Im going to drink lots of strong strong coffee and smoke 20 **** in readiness for what Im going to read in the next couple of days me thinks! :ranger:

Missed you all ! stay calm Jo!!!!!


----------



## SteveHall (Oct 17, 2008)

All is well, glad to see you back - hope you had a great break! 

Resumé - XTreme is pregnant ( I blame the donkeys), Jojo has found nothing to moan about and has mastered her SatNav. She can now get to anywhere within 100 meters of her house within 24 hours, Chica has decided she does not like Torrox any longer, Pesky Wesky has decided to give up the Sierra de Madrid for Benidorm, Simon Harris has become a Real Madrid fan, Taliban has started to going to bed before midnight, I am accused of being positive and the Pope missed his son's Bar Mitzvah. 

Not much changes! Spot the odd one out.


----------



## XTreme (May 17, 2008)

Suenneil said:


> and smoke 20 ****


For the benefit of an American readers I should point out that Sue is _not_ saying she's going to do a drive-by at the Blue Oyster Club!


----------



## jojo (Sep 20, 2007)

XTreme said:


> For the benefit of an American readers I should point out that Sue is _not_ saying she's going to do a drive-by at the Blue Oyster Club!


Thats Xtremes way of saying "Welcome back" Sue :clap2:

Jo xx


----------



## Tallulah (Feb 16, 2009)

Hi Sue and welcome back....your virtual in-tray must be bursting at the seams!

We're all going to club together and send Jo off to a luxury spa for a week to recover - she's done an amazing job - mod and referee rolled into one!!

xxx


----------



## Suenneil (Feb 17, 2009)

SteveHall said:


> All is well, glad to see you back - hope you had a great break!
> 
> Resumé - XTreme is pregnant ( I blame the donkeys), Jojo has found nothing to moan about and has mastered her SatNav. She can now get to anywhere within 100 meters of her house within 24 hours, Chica has decided she does not like Torrox any longer, Pesky Wesky has decided to give up the Sierra de Madrid for Benidorm, Simon Harris has become a Real Madrid fan, Taliban has started to going to bed before midnight, I am accused of being positive and the Pope missed his son's Bar Mitzvah.
> 
> Not much changes! Spot the odd one out.
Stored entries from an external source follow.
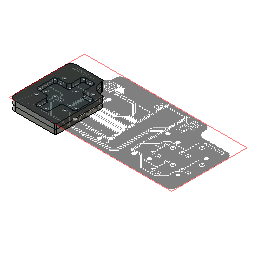
sprig_cover (Autodesk Fusion 360 design; units mm, degrees)
Autodesk Fusion 360 part; units mm, degrees
sketch "Sketch2" plane through (0, 0, 0) normal (0, 0, 1) x (1, 0, 0)
  line L0 (70.104, -32.512) -> (-70.104, -32.512)
  line L1 (-70.104, -32.512) -> (-70.104, 32.512)
  line L2 (-70.104, 32.512) -> (70.104, 32.512)
  line L3 (70.104, 32.512) -> (70.104, -32.512)
  line L4 (70.104, -32.512) -> (-70.104, 32.512) construction
  line L5 (-70.104, -32.512) -> (70.104, 32.512) construction
  dimension "d1" = 140.208
  dimension "d2" = 65.024
  constraint horizontal L0
  constraint perpendicular L0 L1
  constraint parallel L0 L2
  constraint parallel L1 L3
  constraint coincident L4 origin
  constraint coincident L5 origin
  measures "d1" distance of L1.end L2.end
  measures "d2" distance of L0.end L1.end
sketch "Sketch3" plane through (0, 0, 0) normal (0, 0, 1) x (1, 0, 0)
  line L0 (-70.104, 15.8) -> (-70.104, -27.3)
  arc A0 (-70.104, -27.3) -> (-64.904, -32.5) centre (-64.904, -27.3) ccw
  line L1 (-64.904, -32.5) -> (-30, -32.5)
  arc A1 (-64.904, 21) -> (-70.104, 15.8) centre (-64.904, 15.8) ccw
  line L2 (-64.904, 21) -> (-42, 21)
  line L3 (-30, 9) -> (-30, -32.5)
  circle A2 centre (-30.5373, 18.3875) radius 8
  line L4 (-30.5373, 22.2562) -> (-30.5373, 14.5188)
  line L5 (-42, 21) -> (-42, 19)
  arc A3 (-42, 19) -> (-32, 9) centre (-32, 19) ccw
  line L6 (-32, 9) -> (-30, 9)
  dimension "d3" = 70.104
  dimension "d4" = 32.5
  dimension "d5" = 5.2
  dimension "d6" = 21
  dimension "d7" = 5.2
  dimension "d8" = 16
  dimension "d9" = 42
  dimension "d10" = 9
  dimension "d11" = 10
  dimension "d12" = 30
  constraint vertical L0
  constraint tangent L0 A0
  constraint horizontal L1
  constraint tangent A0 L1
  constraint tangent L0 A1
  constraint horizontal L2
  constraint tangent A1 L2
  constraint perpendicular L2 L3
  constraint coincident L1.end L3.end
  constraint vertical L4
  constraint midpoint A2.centre L4
  constraint perpendicular L2 L5
  constraint tangent L5 A3
  constraint perpendicular L5 L6
  constraint tangent A3 L6
  measures "d3" distance of origin L0
  measures "d4" distance of origin L1
  measures "d5" radius of A0
  measures "d6" distance of origin L2
  measures "d7" radius of A1
  measures "d8" diameter of A2
  measures "d9" distance of origin L5
  measures "d10" distance of origin L6
  measures "d11" radius of A3
  measures "d12" distance of origin L3
extrude "Extrude1" add sketch "Sketch3" against normal blind 4 contours L0 A0 L1 A1 L2 L3 L5 A3 L6 makes body 1
fillet "Fillet3" radius 1 3 edges at (-30, -32.5, -2) (-30, 9, -2) (-42, 21, -2) on bodies 1
pattern_linear "R-Pattern1" count 2 spacing 4 along (0, 0, -1) of bodies 1 makes body 2
sketch "Sketch4" plane through (0, 0, 0) normal (0, 0, 1) x (-1, 0, 0)
  arc A0 (64.904, -21) -> (70.104, -15.8) centre (64.904, -15.8) ccw
  line L0 (70.104, -15.8) -> (70.104, 27.3)
  arc A1 (70.104, 27.3) -> (64.904, 32.5) centre (64.904, 27.3) ccw
  line L1 (64.904, 32.5) -> (31, 32.5)
  line L2 (30, 31.5) -> (30, -8)
  line L3 (31, -9) -> (32, -9)
  arc A2 (42, -19) -> (32, -9) centre (32, -19) ccw
  line L4 (42, -19) -> (42, -20)
  line L5 (43, -21) -> (64.904, -21)
  line L6 (65.35, -2.7) -> (48.35, -2.7)
  line L7 (48.35, -2.7) -> (48.35, 14.3)
  line L8 (48.35, 14.3) -> (65.35, 14.3)
  line L9 (65.35, 14.3) -> (65.35, -2.7)
  arc A3 (42, -20) -> (43, -21) centre (43, -20) ccw
  arc A4 (31, 32.5) -> (30, 31.5) centre (31, 31.5) ccw
  arc A5 (30, -8) -> (31, -9) centre (31, -8) ccw
  point P0 (48.35, 5.8)
  dimension "d21" = 5.8
  dimension "d22" = 17
  dimension "d23" = 48.35
  dimension "d24" = 17
  constraint horizontal L6
  constraint vertical L7
  constraint horizontal L8
  constraint vertical L9
  constraint midpoint L7 P0
  measures "d21" vertical distance of origin P0
  measures "d22" distance of L7.end L8.end
  measures "d23" horizontal distance of origin P0
  measures "d24" distance of L6.start L8.end
extrude "Extrude2" cut sketch "Sketch4" against normal blind 4 contours L6 L7 L8 L9 bodies 1
fillet "Fillet1" radius 2 2 edges at (-65.35, 2.7, -2) (-65.35, -14.3, -2) on bodies 1
mirror "Mirror1" about plane through (-48.35, 2.7, 0) normal (-1, 0, 0) of "Extrude2", "Fillet1"
sketch "Sketch5" plane through (0, 0, 0) normal (0, 0, 1) x (-1, 0, 0)
  line L0 (33.35, 14.3) -> (63.35, 14.3)
  arc A0 (65.35, 12.3) -> (63.35, 14.3) centre (63.35, 12.3) ccw
  line L1 (65.35, 12.3) -> (65.35, -0.7)
  arc A1 (63.35, -2.7) -> (65.35, -0.7) centre (63.35, -0.7) ccw
  line L2 (63.35, -2.7) -> (33.35, -2.7)
  arc A2 (31.35, -0.7) -> (33.35, -2.7) centre (33.35, -0.7) ccw
  line L3 (31.35, -0.7) -> (31.35, 12.3)
  arc A3 (33.35, 14.3) -> (31.35, 12.3) centre (33.35, 12.3) ccw
  arc A4 (42, -20) -> (43, -21) centre (43, -20) ccw
  line L4 (43, -21) -> (64.904, -21)
  arc A5 (64.904, -21) -> (70.104, -15.8) centre (64.904, -15.8) ccw
  line L5 (70.104, -15.8) -> (70.104, 27.3)
  arc A6 (70.104, 27.3) -> (64.904, 32.5) centre (64.904, 27.3) ccw
  line L6 (64.904, 32.5) -> (31, 32.5)
  arc A7 (31, 32.5) -> (30, 31.5) centre (31, 31.5) ccw
  line L7 (30, 31.5) -> (30, -8)
  arc A8 (30, -8) -> (31, -9) centre (31, -8) ccw
  line L8 (31, -9) -> (32, -9)
  arc A9 (42, -19) -> (32, -9) centre (32, -19) ccw
  line L9 (42, -19) -> (42, -20)
  line L10 (53.85, -2.7) -> (53.85, -15.2)
  line L11 (53.85, -15.2) -> (42.85, -15.2)
  line L12 (42.85, -15.2) -> (42.85, -2.7)
  point P0 (48.35, -2.7)
  point P1 (48.35, -15.2)
  dimension "d37" = 12.5
  dimension "d38" = 11
  constraint coincident L2 L10.start
  constraint perpendicular L2 L10
  constraint perpendicular L10 L11
  constraint coincident L2 L12.end
  constraint perpendicular L2 L12
  constraint midpoint L2 P0
  constraint midpoint L11 P1
  constraint vertical P0 P1
  measures "d37" distance of L11.end L12.end
  measures "d38" distance of L10.end L11.end
extrude "Extrude3" cut sketch "Sketch5" against normal blind 4 contours L2 L10 L11 L12 bodies 1
fillet "Fillet4" radius 2 2 edges at (-53.85, 15.2, -2) (-42.85, 15.2, -2) on bodies 1
ref_plane "WorkPlane1" through (-58.1, -5.8, -2) normal (0, -1, 0) x (-1, 0, 0)
mirror "Mirror2" about plane through (-58.1, -5.8, -2) normal (0, -1, 0) of "Extrude3", "Fillet4"
sketch "Sketch6" plane through (0, 0, 0) normal (0, 0, 1) x (-1, 0, 0)
  line L0 (53.85, 24.8) -> (53.85, 14.3)
  line L1 (53.85, 14.3) -> (63.35, 14.3)
  arc A0 (65.35, 12.3) -> (63.35, 14.3) centre (63.35, 12.3) ccw
  line L2 (65.35, 12.3) -> (65.35, -0.7)
  arc A1 (63.35, -2.7) -> (65.35, -0.7) centre (63.35, -0.7) ccw
  line L3 (63.35, -2.7) -> (53.85, -2.7)
  line L4 (53.85, -2.7) -> (53.85, -13.2)
  arc A2 (51.85, -15.2) -> (53.85, -13.2) centre (51.85, -13.2) ccw
  line L5 (51.85, -15.2) -> (44.85, -15.2)
  arc A3 (42.85, -13.2) -> (44.85, -15.2) centre (44.85, -13.2) ccw
  line L6 (42.85, -13.2) -> (42.85, -2.7)
  line L7 (42.85, -2.7) -> (33.35, -2.7)
  arc A4 (31.35, -0.7) -> (33.35, -2.7) centre (33.35, -0.7) ccw
  line L8 (31.35, -0.7) -> (31.35, 12.3)
  arc A5 (33.35, 14.3) -> (31.35, 12.3) centre (33.35, 12.3) ccw
  line L9 (33.35, 14.3) -> (42.85, 14.3)
  line L10 (42.85, 14.3) -> (42.85, 24.8)
  arc A6 (44.85, 26.8) -> (42.85, 24.8) centre (44.85, 24.8) ccw
  line L11 (44.85, 26.8) -> (51.85, 26.8)
  arc A7 (53.85, 24.8) -> (51.85, 26.8) centre (51.85, 24.8) ccw
  arc A8 (42, -20) -> (43, -21) centre (43, -20) ccw
  line L12 (43, -21) -> (64.904, -21)
  arc A9 (64.904, -21) -> (70.104, -15.8) centre (64.904, -15.8) ccw
  line L13 (70.104, -15.8) -> (70.104, 27.3)
  arc A10 (70.104, 27.3) -> (64.904, 32.5) centre (64.904, 27.3) ccw
  line L14 (64.904, 32.5) -> (31, 32.5)
  arc A11 (31, 32.5) -> (30, 31.5) centre (31, 31.5) ccw
  line L15 (30, 31.5) -> (30, -8)
  arc A12 (30, -8) -> (31, -9) centre (31, -8) ccw
  line L16 (31, -9) -> (32, -9)
  arc A13 (42, -19) -> (32, -9) centre (32, -19) ccw
  line L17 (42, -19) -> (42, -20)
  circle A14 centre (60.5272, -6.0993) radius 1.1
  circle A15 centre (36.0826, -6.0993) radius 1.1
  line L18 (60.5272, -6.0993) -> (36.0826, -6.0993) construction
  line L19 (36.0826, -6.0993) -> (36.0826, 18.3161) construction
  line L20 (36.0826, 18.3161) -> (60.5272, 18.3161) construction
  line L21 (60.5272, 18.3161) -> (60.5272, -6.0993) construction
  circle A16 centre (60.5272, 18.3161) radius 1.1
  circle A17 centre (36.0826, 18.3161) radius 1.1
  dimension "d45" = 2.2
  dimension "d46" = 2.2
  dimension "d47" = 2.2
  dimension "d48" = 2.2
  constraint horizontal L18
  constraint vertical L19
  constraint horizontal L20
  constraint vertical L21
  constraint coincident A14.centre L18.start
  constraint coincident A15.centre L18.end
  constraint coincident L20.end L21.start
  constraint coincident L19.end L20.start
  measures "d45" diameter of A14
  measures "d46" diameter of A15
  measures "d47" diameter of A16
  measures "d48" diameter of A17
extrude "Extrude4" cut sketch "Sketch6" against normal blind 18 contours A14 | A15 | A16 | A17 bodies 1 2
fillet "Fillet5" radius 2 4 edges at (-53.85, 2.7, -2) (-53.85, -14.3, -2) (-42.85, -14.3, -2) (-42.85, 2.7, -2) on bodies 1
sketch "Sketch10" plane through (0, 0, 0) normal (0, 0, 1) x (-1, 0, 0)
  arc A0 (42.85, -4.7) -> (40.85, -2.7) centre (40.85, -4.7) ccw
  line L0 (40.85, -2.7) -> (33.35, -2.7)
  arc A1 (31.35, -0.7) -> (33.35, -2.7) centre (33.35, -0.7) ccw
  line L1 (31.35, -0.7) -> (31.35, 12.3)
  arc A2 (33.35, 14.3) -> (31.35, 12.3) centre (33.35, 12.3) ccw
  line L2 (33.35, 14.3) -> (40.85, 14.3)
  arc A3 (40.85, 14.3) -> (42.85, 16.3) centre (40.85, 16.3) ccw
  line L3 (42.85, 16.3) -> (42.85, 24.8)
  arc A4 (44.85, 26.8) -> (42.85, 24.8) centre (44.85, 24.8) ccw
  line L4 (44.85, 26.8) -> (51.85, 26.8)
  arc A5 (53.85, 24.8) -> (51.85, 26.8) centre (51.85, 24.8) ccw
  line L5 (53.85, 24.8) -> (53.85, 16.3)
  arc A6 (53.85, 16.3) -> (55.85, 14.3) centre (55.85, 16.3) ccw
  line L6 (55.85, 14.3) -> (63.35, 14.3)
  arc A7 (65.35, 12.3) -> (63.35, 14.3) centre (63.35, 12.3) ccw
  line L7 (65.35, 12.3) -> (65.35, -0.7)
  arc A8 (63.35, -2.7) -> (65.35, -0.7) centre (63.35, -0.7) ccw
  line L8 (63.35, -2.7) -> (55.85, -2.7)
  arc A9 (55.85, -2.7) -> (53.85, -4.7) centre (55.85, -4.7) ccw
  line L9 (53.85, -4.7) -> (53.85, -13.2)
  arc A10 (51.85, -15.2) -> (53.85, -13.2) centre (51.85, -13.2) ccw
  line L10 (51.85, -15.2) -> (44.85, -15.2)
  arc A11 (42.85, -13.2) -> (44.85, -15.2) centre (44.85, -13.2) ccw
  line L11 (42.85, -13.2) -> (42.85, -4.7)
  circle A12 centre (60.5272, 18.3161) radius 1.1
  circle A13 centre (36.0826, 18.3161) radius 1.1
  circle A14 centre (60.5272, -6.0993) radius 1.1
  circle A15 centre (36.0826, -6.0993) radius 1.1
  arc A16 (42, -20) -> (43, -21) centre (43, -20) ccw
  line L12 (43, -21) -> (64.904, -21)
  arc A17 (64.904, -21) -> (70.104, -15.8) centre (64.904, -15.8) ccw
  line L13 (70.104, -15.8) -> (70.104, 27.3)
  arc A18 (70.104, 27.3) -> (64.904, 32.5) centre (64.904, 27.3) ccw
  line L14 (64.904, 32.5) -> (31, 32.5)
  arc A19 (31, 32.5) -> (30, 31.5) centre (31, 31.5) ccw
  line L15 (30, 31.5) -> (30, -8)
  arc A20 (30, -8) -> (31, -9) centre (31, -8) ccw
  line L16 (31, -9) -> (32, -9)
  arc A21 (42, -19) -> (32, -9) centre (32, -19) ccw
  line L17 (42, -19) -> (42, -20)
sketch "Sketch11" plane through (0, 0, -4) normal (0, 0, 1) x (-1, 0, 0)
  circle A0 centre (60.5272, 18.3161) radius 1.1
  circle A1 centre (36.0826, 18.3161) radius 1.1
  circle A2 centre (60.5272, -6.0993) radius 1.1
  circle A3 centre (36.0826, -6.0993) radius 1.1
  arc A4 (42, -20) -> (43, -21) centre (43, -20) ccw
  line L0 (43, -21) -> (64.904, -21)
  arc A5 (64.904, -21) -> (70.104, -15.8) centre (64.904, -15.8) ccw
  line L1 (70.104, -15.8) -> (70.104, 27.3)
  arc A6 (70.104, 27.3) -> (64.904, 32.5) centre (64.904, 27.3) ccw
  line L2 (64.904, 32.5) -> (31, 32.5)
  arc A7 (31, 32.5) -> (30, 31.5) centre (31, 31.5) ccw
  line L3 (30, 31.5) -> (30, -8)
  arc A8 (30, -8) -> (31, -9) centre (31, -8) ccw
  line L4 (31, -9) -> (32, -9)
  arc A9 (42, -19) -> (32, -9) centre (32, -19) ccw
  line L5 (42, -19) -> (42, -20)
equation "d3 = ( 140.208 / 2 ) * 1 mm"

Well Im sorry to have missed all that Steve! thanks for the "potted" history of the past week .... geez Ive read some stuff today! ..... but Im keeping quiet, smiling, and glad to "see" you all ..... its nice to be around my friends again ....... x


----------



## Suenneil (Feb 17, 2009)

Suenneil said:


> Well Im sorry to have missed all that Steve! thanks for the "potted" history of the past week .... geez Ive read some stuff today! ..... but Im keeping quiet, smiling, and glad to "see" you all ..... its nice to be around my friends again ....... x


Missed you! first new post of yours and Im laughing already ...... this is my thread so I can be as indulgent as I like


----------



## Suenneil (Feb 17, 2009)

Tallulah said:


> Hi Sue and welcome back....your virtual in-tray must be bursting at the seams!
> 
> We're all going to club together and send Jo off to a luxury spa for a week to recover - she's done an amazing job - mod and referee rolled into one!!
> 
> xxx


Hi Tally ..... lovely to see you. Yes I think Jojo deserves a medal and I deserve punishment for abandoning her in what appears to have been a tough week! ... I feel such guilt!!!


----------



## jojo (Sep 20, 2007)

Suenneil said:


> Hi Tally ..... lovely to see you. Yes I think Jojo deserves a medal and I deserve punishment for abandoning her in what appears to have been a tough week! ... I feel such guilt!!!


oh its been soooo hard on here, soooo difficult...... Not really hun, I blame the heat!!!! 


Jo xxx


----------



## XTreme (May 17, 2008)

Jo really has been brilliant in controlling what has been probably the busiest week this forum has ever had.

it goes without saying that I was sticking up for her all the time!


----------



## Suenneil (Feb 17, 2009)

XTreme said:


> Jo really has been brilliant in controlling what has been probably the busiest week this forum has ever had.
> 
> it goes without saying that I was sticking up for her all the time!


I have caught up on a lot Xtreme ..... cant believe it was such a hectic week! and I was lounging around on a lilo in my friends pool while it was all going on! how bad do I feel!!!! ............. but glad to see that you were looking out for her


----------